"""

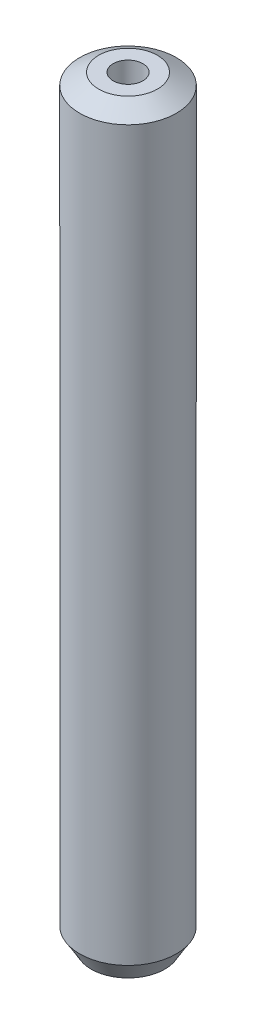
ISO-10303-21;
HEADER;
FILE_DESCRIPTION(('STEP AP214'),'2;1');
FILE_NAME('part.step','',(''),(''),'','','');
FILE_SCHEMA(('AUTOMOTIVE_DESIGN { 1 0 10303 214 1 1 1 1 }'));
ENDSEC;
DATA;
#1=APPLICATION_CONTEXT('core data for automotive mechanical design processes');
#2=APPLICATION_PROTOCOL_DEFINITION('international standard','automotive_design',2000,#1);
#3=PRODUCT_CONTEXT('',#1,'mechanical');
#4=PRODUCT('Part','Part','',(#3));
#5=PRODUCT_RELATED_PRODUCT_CATEGORY('part','',(#4));
#6=PRODUCT_DEFINITION_FORMATION('','',#4);
#7=PRODUCT_DEFINITION_CONTEXT('part definition',#1,'design');
#8=PRODUCT_DEFINITION('design','',#6,#7);
#9=PRODUCT_DEFINITION_SHAPE('','',#8);
#10=(LENGTH_UNIT() NAMED_UNIT(*) SI_UNIT(.MILLI.,.METRE.));
#11=(NAMED_UNIT(*) PLANE_ANGLE_UNIT() SI_UNIT($,.RADIAN.));
#12=(NAMED_UNIT(*) SI_UNIT($,.STERADIAN.) SOLID_ANGLE_UNIT());
#13=UNCERTAINTY_MEASURE_WITH_UNIT(LENGTH_MEASURE(1.E-05),#10,'distance_accuracy_value','');
#14=(GEOMETRIC_REPRESENTATION_CONTEXT(3) GLOBAL_UNCERTAINTY_ASSIGNED_CONTEXT((#13)) GLOBAL_UNIT_ASSIGNED_CONTEXT((#10,
#11,#12)) REPRESENTATION_CONTEXT('',''));
#15=CARTESIAN_POINT('',(0.,0.,0.));
#16=DIRECTION('',(0.,0.,1.));
#17=DIRECTION('',(1.,0.,0.));
#18=AXIS2_PLACEMENT_3D('',#15,#16,#17);
#19=CARTESIAN_POINT('',(0.,157.006909282694,0.));
#20=DIRECTION('',(0.,-1.,0.));
#21=DIRECTION('',(0.,0.,-1.));
#22=AXIS2_PLACEMENT_3D('',#19,#20,#21);
#23=CYLINDRICAL_SURFACE('',#22,10.);
#24=CARTESIAN_POINT('',(0.,154.643035266807,0.));
#25=DIRECTION('',(0.,1.,0.));
#26=DIRECTION('',(0.,0.,1.));
#27=AXIS2_PLACEMENT_3D('',#24,#25,#26);
#28=CIRCLE('',#27,10.);
#29=CARTESIAN_POINT('',(0.,154.643035266807,-10.));
#30=VERTEX_POINT('',#29);
#31=EDGE_CURVE('E50',#30,#30,#28,.F.);
#32=CARTESIAN_POINT('',(0.,3.92537237837895,0.));
#33=DIRECTION('',(0.,1.,0.));
#34=DIRECTION('',(0.,0.,1.));
#35=AXIS2_PLACEMENT_3D('',#32,#33,#34);
#36=CIRCLE('',#35,10.);
#37=CARTESIAN_POINT('',(0.,3.92537237837892,-10.));
#38=VERTEX_POINT('',#37);
#39=EDGE_CURVE('E51',#38,#38,#36,.T.);
#40=CARTESIAN_POINT('',(0.,154.643035266807,-10.));
#41=CARTESIAN_POINT('',(0.,153.073059611719,-10.));
#42=CARTESIAN_POINT('',(0.,151.503083956631,-10.));
#43=CARTESIAN_POINT('',(0.,148.363132646456,-10.));
#44=CARTESIAN_POINT('',(0.,146.793156991368,-10.));
#45=CARTESIAN_POINT('',(0.,143.653205681193,-10.));
#46=CARTESIAN_POINT('',(0.,142.083230026105,-10.));
#47=CARTESIAN_POINT('',(0.,138.943278715929,-10.));
#48=CARTESIAN_POINT('',(0.,137.373303060841,-10.));
#49=CARTESIAN_POINT('',(0.,134.233351750666,-10.));
#50=CARTESIAN_POINT('',(0.,132.663376095578,-10.));
#51=CARTESIAN_POINT('',(0.,129.523424785402,-10.));
#52=CARTESIAN_POINT('',(0.,127.953449130315,-10.));
#53=CARTESIAN_POINT('',(0.,124.813497820139,-10.));
#54=CARTESIAN_POINT('',(0.,123.243522165051,-10.));
#55=CARTESIAN_POINT('',(0.,120.103570854876,-10.));
#56=CARTESIAN_POINT('',(0.,118.533595199788,-10.));
#57=CARTESIAN_POINT('',(0.,115.393643889612,-10.));
#58=CARTESIAN_POINT('',(0.,113.823668234524,-10.));
#59=CARTESIAN_POINT('',(0.,110.683716924349,-10.));
#60=CARTESIAN_POINT('',(0.,109.113741269261,-10.));
#61=CARTESIAN_POINT('',(0.,105.973789959085,-10.));
#62=CARTESIAN_POINT('',(0.,104.403814303998,-10.));
#63=CARTESIAN_POINT('',(0.,101.263862993822,-10.));
#64=CARTESIAN_POINT('',(0.,99.6938873387343,-10.));
#65=CARTESIAN_POINT('',(0.,96.5539360285587,-10.));
#66=CARTESIAN_POINT('',(0.,94.9839603734709,-10.));
#67=CARTESIAN_POINT('',(0.,91.8440090632953,-10.));
#68=CARTESIAN_POINT('',(0.,90.2740334082075,-10.));
#69=CARTESIAN_POINT('',(0.,87.134082098032,-10.));
#70=CARTESIAN_POINT('',(0.,85.5641064429442,-10.));
#71=CARTESIAN_POINT('',(0.,82.4241551327686,-10.));
#72=CARTESIAN_POINT('',(0.,80.8541794776808,-10.));
#73=CARTESIAN_POINT('',(0.,77.7142281675052,-10.));
#74=CARTESIAN_POINT('',(0.,76.1442525124174,-10.));
#75=CARTESIAN_POINT('',(0.,73.0043012022418,-10.));
#76=CARTESIAN_POINT('',(0.,71.434325547154,-10.));
#77=CARTESIAN_POINT('',(0.,68.2943742369784,-10.));
#78=CARTESIAN_POINT('',(0.,66.7243985818906,-10.));
#79=CARTESIAN_POINT('',(0.,63.5844472717151,-10.));
#80=CARTESIAN_POINT('',(0.,62.0144716166273,-10.));
#81=CARTESIAN_POINT('',(0.,58.8745203064517,-10.));
#82=CARTESIAN_POINT('',(0.,57.3045446513639,-10.));
#83=CARTESIAN_POINT('',(0.,54.1645933411883,-10.));
#84=CARTESIAN_POINT('',(0.,52.5946176861005,-10.));
#85=CARTESIAN_POINT('',(0.,49.4546663759249,-10.));
#86=CARTESIAN_POINT('',(0.,47.8846907208371,-10.));
#87=CARTESIAN_POINT('',(0.,44.7447394106615,-10.));
#88=CARTESIAN_POINT('',(0.,43.1747637555737,-10.));
#89=CARTESIAN_POINT('',(0.,40.0348124453981,-10.));
#90=CARTESIAN_POINT('',(0.,38.4648367903104,-10.));
#91=CARTESIAN_POINT('',(0.,35.3248854801348,-10.));
#92=CARTESIAN_POINT('',(0.,33.754909825047,-10.));
#93=CARTESIAN_POINT('',(0.,30.6149585148714,-10.));
#94=CARTESIAN_POINT('',(0.,29.0449828597836,-10.));
#95=CARTESIAN_POINT('',(0.,25.905031549608,-10.));
#96=CARTESIAN_POINT('',(0.,24.3350558945202,-10.));
#97=CARTESIAN_POINT('',(0.,21.1951045843446,-10.));
#98=CARTESIAN_POINT('',(0.,19.6251289292568,-10.));
#99=CARTESIAN_POINT('',(0.,16.4851776190813,-10.));
#100=CARTESIAN_POINT('',(0.,14.9152019639935,-10.));
#101=CARTESIAN_POINT('',(0.,11.7752506538179,-10.));
#102=CARTESIAN_POINT('',(0.,10.2052749987301,-10.));
#103=CARTESIAN_POINT('',(0.,7.06532368855448,-10.));
#104=CARTESIAN_POINT('',(0.,5.4953480334667,-10.));
#105=CARTESIAN_POINT('',(0.,3.92537237837892,-10.));
#106=B_SPLINE_CURVE_WITH_KNOTS('',3,(#40,#41,#42,#43,#44,#45,#46,#47,#48,#49,#50,#51,#52,#53,
#54,#55,#56,#57,#58,#59,#60,#61,#62,#63,#64,#65,#66,#67,#68,#69,#70,#71,#72,#73,#74,#75,#76,#77,
#78,#79,#80,#81,#82,#83,#84,#85,#86,#87,#88,#89,#90,#91,#92,#93,#94,#95,#96,#97,#98,#99,#100,
#101,#102,#103,#104,#105),.UNSPECIFIED.,.F.,.F.,(4,2,2,2,2,2,2,2,2,2,2,2,2,2,2,2,2,2,2,2,2,2,2,
2,2,2,2,2,2,2,2,2,4),(0.,4.7099269652634,9.41985393052677,14.1297808957901,18.8397078610535,
23.5496348263169,28.2595617915803,32.9694887568437,37.6794157221071,42.3893426873704,
47.0992696526338,51.8091966178972,56.5191235831606,61.2290505484239,65.9389775136873,
70.6489044789507,75.3588314442141,80.0687584094775,84.7786853747409,89.4886123400042,
94.1985393052676,98.908466270531,103.618393235794,108.328320201058,113.038247166321,
117.748174131585,122.458101096848,127.168028062111,131.877955027375,136.587881992638,
141.297808957901,146.007735923165,150.717662888428),.UNSPECIFIED.);
#107=EDGE_CURVE('BSEAM39',#30,#38,#106,.T.);
#108=ORIENTED_EDGE('',*,*,#31,.T.);
#109=ORIENTED_EDGE('',*,*,#39,.T.);
#110=ORIENTED_EDGE('',*,*,#107,.T.);
#111=ORIENTED_EDGE('',*,*,#107,.F.);
#112=EDGE_LOOP('',(#108,#110,#109,#111));
#113=FACE_BOUND('',#112,.T.);
#114=ADVANCED_FACE('F39',(#113),#23,.T.);
#115=CARTESIAN_POINT('',(0.,157.006909282694,0.));
#116=DIRECTION('',(0.,1.,0.));
#117=DIRECTION('',(0.,0.,1.));
#118=AXIS2_PLACEMENT_3D('',#115,#116,#117);
#119=PLANE('',#118);
#120=CARTESIAN_POINT('',(0.,157.006909282694,0.));
#121=DIRECTION('',(0.,1.,0.));
#122=DIRECTION('',(0.,0.,1.));
#123=AXIS2_PLACEMENT_3D('',#120,#121,#122);
#124=CIRCLE('',#123,6.07462762162128);
#125=CARTESIAN_POINT('',(0.,157.006909282694,6.07462762162128));
#126=VERTEX_POINT('',#125);
#127=EDGE_CURVE('E54',#126,#126,#124,.T.);
#128=ORIENTED_EDGE('',*,*,#127,.T.);
#129=EDGE_LOOP('',(#128));
#130=FACE_BOUND('',#129,.T.);
#131=CARTESIAN_POINT('',(0.,157.006909282694,0.));
#132=DIRECTION('',(0.,1.,0.));
#133=DIRECTION('',(0.,0.,1.));
#134=AXIS2_PLACEMENT_3D('',#131,#132,#133);
#135=CIRCLE('',#134,3.08201990354724);
#136=CARTESIAN_POINT('',(0.,157.006909282694,-3.08201990354724));
#137=VERTEX_POINT('',#136);
#138=EDGE_CURVE('E58',#137,#137,#135,.T.);
#139=ORIENTED_EDGE('',*,*,#138,.F.);
#140=EDGE_LOOP('',(#139));
#141=FACE_BOUND('',#140,.T.);
#142=ADVANCED_FACE('F69',(#130,#141),#119,.T.);
#143=CARTESIAN_POINT('',(0.,0.,0.));
#144=DIRECTION('',(0.,1.,0.));
#145=DIRECTION('',(0.,0.,1.));
#146=AXIS2_PLACEMENT_3D('',#143,#144,#145);
#147=PLANE('',#146);
#148=CARTESIAN_POINT('',(0.,0.,0.));
#149=DIRECTION('',(0.,1.,0.));
#150=DIRECTION('',(0.,0.,1.));
#151=AXIS2_PLACEMENT_3D('',#148,#149,#150);
#152=CIRCLE('',#151,7.63612598411303);
#153=CARTESIAN_POINT('',(0.,0.,7.63612598411303));
#154=VERTEX_POINT('',#153);
#155=EDGE_CURVE('E10',#154,#154,#152,.F.);
#156=ORIENTED_EDGE('',*,*,#155,.T.);
#157=EDGE_LOOP('',(#156));
#158=FACE_BOUND('',#157,.T.);
#159=CARTESIAN_POINT('',(0.,0.,0.));
#160=DIRECTION('',(0.,1.,0.));
#161=DIRECTION('',(0.,0.,1.));
#162=AXIS2_PLACEMENT_3D('',#159,#160,#161);
#163=CIRCLE('',#162,3.08201990354724);
#164=CARTESIAN_POINT('',(0.,0.,-3.08201990354724));
#165=VERTEX_POINT('',#164);
#166=EDGE_CURVE('E63',#165,#165,#163,.T.);
#167=ORIENTED_EDGE('',*,*,#166,.T.);
#168=EDGE_LOOP('',(#167));
#169=FACE_BOUND('',#168,.T.);
#170=ADVANCED_FACE('F75',(#158,#169),#147,.F.);
#171=CARTESIAN_POINT('',(0.,157.006909282694,0.));
#172=DIRECTION('',(0.,-1.,0.));
#173=DIRECTION('',(0.,0.,-1.));
#174=AXIS2_PLACEMENT_3D('',#171,#172,#173);
#175=CYLINDRICAL_SURFACE('',#174,3.08201990354724);
#176=CARTESIAN_POINT('',(0.,157.006909282694,-3.08201990354724));
#177=CARTESIAN_POINT('',(0.,155.371420644333,-3.08201990354724));
#178=CARTESIAN_POINT('',(0.,153.735932005971,-3.08201990354724));
#179=CARTESIAN_POINT('',(0.,150.464954729248,-3.08201990354724));
#180=CARTESIAN_POINT('',(0.,148.829466090887,-3.08201990354724));
#181=CARTESIAN_POINT('',(0.,145.558488814164,-3.08201990354724));
#182=CARTESIAN_POINT('',(0.,143.923000175803,-3.08201990354724));
#183=CARTESIAN_POINT('',(0.,140.65202289908,-3.08201990354724));
#184=CARTESIAN_POINT('',(0.,139.016534260719,-3.08201990354724));
#185=CARTESIAN_POINT('',(0.,135.745556983996,-3.08201990354724));
#186=CARTESIAN_POINT('',(0.,134.110068345634,-3.08201990354724));
#187=CARTESIAN_POINT('',(0.,130.839091068912,-3.08201990354724));
#188=CARTESIAN_POINT('',(0.,129.20360243055,-3.08201990354724));
#189=CARTESIAN_POINT('',(0.,125.932625153827,-3.08201990354724));
#190=CARTESIAN_POINT('',(0.,124.297136515466,-3.08201990354724));
#191=CARTESIAN_POINT('',(0.,121.026159238743,-3.08201990354724));
#192=CARTESIAN_POINT('',(0.,119.390670600382,-3.08201990354724));
#193=CARTESIAN_POINT('',(0.,116.119693323659,-3.08201990354724));
#194=CARTESIAN_POINT('',(0.,114.484204685298,-3.08201990354724));
#195=CARTESIAN_POINT('',(0.,111.213227408575,-3.08201990354724));
#196=CARTESIAN_POINT('',(0.,109.577738770213,-3.08201990354724));
#197=CARTESIAN_POINT('',(0.,106.306761493491,-3.08201990354724));
#198=CARTESIAN_POINT('',(0.,104.671272855129,-3.08201990354724));
#199=CARTESIAN_POINT('',(0.,101.400295578406,-3.08201990354724));
#200=CARTESIAN_POINT('',(0.,99.7648069400451,-3.08201990354724));
#201=CARTESIAN_POINT('',(0.,96.4938296633223,-3.08201990354724));
#202=CARTESIAN_POINT('',(0.,94.8583410249609,-3.08201990354724));
#203=CARTESIAN_POINT('',(0.,91.5873637482381,-3.08201990354724));
#204=CARTESIAN_POINT('',(0.,89.9518751098767,-3.08201990354724));
#205=CARTESIAN_POINT('',(0.,86.6808978331539,-3.08201990354724));
#206=CARTESIAN_POINT('',(0.,85.0454091947925,-3.08201990354724));
#207=CARTESIAN_POINT('',(0.,81.7744319180698,-3.08201990354724));
#208=CARTESIAN_POINT('',(0.,80.1389432797084,-3.08201990354724));
#209=CARTESIAN_POINT('',(0.,76.8679660029856,-3.08201990354724));
#210=CARTESIAN_POINT('',(0.,75.2324773646242,-3.08201990354724));
#211=CARTESIAN_POINT('',(0.,71.9615000879014,-3.08201990354724));
#212=CARTESIAN_POINT('',(0.,70.32601144954,-3.08201990354724));
#213=CARTESIAN_POINT('',(0.,67.0550341728172,-3.08201990354724));
#214=CARTESIAN_POINT('',(0.,65.4195455344558,-3.08201990354724));
#215=CARTESIAN_POINT('',(0.,62.148568257733,-3.08201990354724));
#216=CARTESIAN_POINT('',(0.,60.5130796193716,-3.08201990354724));
#217=CARTESIAN_POINT('',(0.,57.2421023426488,-3.08201990354724));
#218=CARTESIAN_POINT('',(0.,55.6066137042874,-3.08201990354724));
#219=CARTESIAN_POINT('',(0.,52.3356364275646,-3.08201990354724));
#220=CARTESIAN_POINT('',(0.,50.7001477892032,-3.08201990354724));
#221=CARTESIAN_POINT('',(0.,47.4291705124805,-3.08201990354724));
#222=CARTESIAN_POINT('',(0.,45.7936818741191,-3.08201990354724));
#223=CARTESIAN_POINT('',(0.,42.5227045973963,-3.08201990354724));
#224=CARTESIAN_POINT('',(0.,40.8872159590349,-3.08201990354724));
#225=CARTESIAN_POINT('',(0.,37.6162386823121,-3.08201990354724));
#226=CARTESIAN_POINT('',(0.,35.9807500439507,-3.08201990354724));
#227=CARTESIAN_POINT('',(0.,32.7097727672279,-3.08201990354724));
#228=CARTESIAN_POINT('',(0.,31.0742841288665,-3.08201990354724));
#229=CARTESIAN_POINT('',(0.,27.8033068521437,-3.08201990354724));
#230=CARTESIAN_POINT('',(0.,26.1678182137823,-3.08201990354724));
#231=CARTESIAN_POINT('',(0.,22.8968409370595,-3.08201990354724));
#232=CARTESIAN_POINT('',(0.,21.2613522986981,-3.08201990354724));
#233=CARTESIAN_POINT('',(0.,17.9903750219753,-3.08201990354724));
#234=CARTESIAN_POINT('',(0.,16.3548863836139,-3.08201990354724));
#235=CARTESIAN_POINT('',(0.,13.0839091068912,-3.08201990354724));
#236=CARTESIAN_POINT('',(0.,11.4484204685298,-3.08201990354724));
#237=CARTESIAN_POINT('',(0.,8.17744319180697,-3.08201990354724));
#238=CARTESIAN_POINT('',(0.,6.54195455344557,-3.08201990354724));
#239=CARTESIAN_POINT('',(0.,3.27097727672278,-3.08201990354724));
#240=CARTESIAN_POINT('',(0.,1.63548863836139,-3.08201990354724));
#241=CARTESIAN_POINT('',(0.,0.,-3.08201990354724));
#242=B_SPLINE_CURVE_WITH_KNOTS('',3,(#176,#177,#178,#179,#180,#181,#182,#183,#184,#185,#186,
#187,#188,#189,#190,#191,#192,#193,#194,#195,#196,#197,#198,#199,#200,#201,#202,#203,#204,#205,
#206,#207,#208,#209,#210,#211,#212,#213,#214,#215,#216,#217,#218,#219,#220,#221,#222,#223,#224,
#225,#226,#227,#228,#229,#230,#231,#232,#233,#234,#235,#236,#237,#238,#239,#240,#241),
.UNSPECIFIED.,.F.,.F.,(4,2,2,2,2,2,2,2,2,2,2,2,2,2,2,2,2,2,2,2,2,2,2,2,2,2,2,2,2,2,2,2,4),(0.,
4.90646591508417,9.81293183016835,14.7193977452526,19.6258636603367,24.5323295754209,
29.4387954905051,34.3452614055893,39.2517273206735,44.1581932357577,49.0646591508418,
53.971125065926,58.8775909810102,63.7840568960944,68.6905228111786,73.5969887262628,
78.5034546413469,83.4099205564311,88.3163864715153,93.2228523865995,98.1293183016837,
103.035784216768,107.942250131852,112.848716046936,117.75518196202,122.661647877105,
127.568113792189,132.474579707273,137.381045622357,142.287511537441,147.193977452526,
152.10044336761,157.006909282694),.UNSPECIFIED.);
#243=EDGE_CURVE('BSEAM70',#137,#165,#242,.T.);
#244=ORIENTED_EDGE('',*,*,#138,.T.);
#245=ORIENTED_EDGE('',*,*,#166,.F.);
#246=ORIENTED_EDGE('',*,*,#243,.T.);
#247=ORIENTED_EDGE('',*,*,#243,.F.);
#248=EDGE_LOOP('',(#244,#246,#245,#247));
#249=FACE_BOUND('',#248,.T.);
#250=ADVANCED_FACE('F70',(#249),#175,.F.);
#251=CARTESIAN_POINT('',(0.,157.006909282694,0.));
#252=DIRECTION('',(0.,-1.,0.));
#253=DIRECTION('',(0.,0.,-1.));
#254=AXIS2_PLACEMENT_3D('',#251,#252,#253);
#255=CONICAL_SURFACE('',#254,6.07462762162128,1.02875798817209);
#256=ORIENTED_EDGE('',*,*,#31,.F.);
#257=EDGE_LOOP('',(#256));
#258=FACE_BOUND('',#257,.T.);
#259=ORIENTED_EDGE('',*,*,#127,.F.);
#260=EDGE_LOOP('',(#259));
#261=FACE_BOUND('',#260,.T.);
#262=ADVANCED_FACE('F81',(#258,#261),#255,.T.);
#263=CARTESIAN_POINT('',(0.,3.92537237837895,0.));
#264=DIRECTION('',(0.,1.,0.));
#265=DIRECTION('',(0.,0.,1.));
#266=AXIS2_PLACEMENT_3D('',#263,#264,#265);
#267=CONICAL_SURFACE('',#266,10.,0.542038338622805);
#268=ORIENTED_EDGE('',*,*,#155,.F.);
#269=EDGE_LOOP('',(#268));
#270=FACE_BOUND('',#269,.T.);
#271=ORIENTED_EDGE('',*,*,#39,.F.);
#272=EDGE_LOOP('',(#271));
#273=FACE_BOUND('',#272,.T.);
#274=ADVANCED_FACE('F45',(#270,#273),#267,.T.);
#275=CLOSED_SHELL('',(#114,#142,#170,#250,#262,#274));
#276=MANIFOLD_SOLID_BREP('B2',#275);
#277=ADVANCED_BREP_SHAPE_REPRESENTATION('',(#18,#276),#14);
#278=SHAPE_DEFINITION_REPRESENTATION(#9,#277);
ENDSEC;
END-ISO-10303-21;

"""

-- What to produce --
Could you write out, exactly as they stand, only the lines above that begin at the line with "#262=ADVANCED_FACE('F81',(#258,#261),#255,.T.);" and stop after the line with "#276=MANIFOLD_SOLID_BREP('B2',#275);"?

-- Exercise solution --
#262=ADVANCED_FACE('F81',(#258,#261),#255,.T.);
#263=CARTESIAN_POINT('',(0.,3.92537237837895,0.));
#264=DIRECTION('',(0.,1.,0.));
#265=DIRECTION('',(0.,0.,1.));
#266=AXIS2_PLACEMENT_3D('',#263,#264,#265);
#267=CONICAL_SURFACE('',#266,10.,0.542038338622805);
#268=ORIENTED_EDGE('',*,*,#155,.F.);
#269=EDGE_LOOP('',(#268));
#270=FACE_BOUND('',#269,.T.);
#271=ORIENTED_EDGE('',*,*,#39,.F.);
#272=EDGE_LOOP('',(#271));
#273=FACE_BOUND('',#272,.T.);
#274=ADVANCED_FACE('F45',(#270,#273),#267,.T.);
#275=CLOSED_SHELL('',(#114,#142,#170,#250,#262,#274));
#276=MANIFOLD_SOLID_BREP('B2',#275);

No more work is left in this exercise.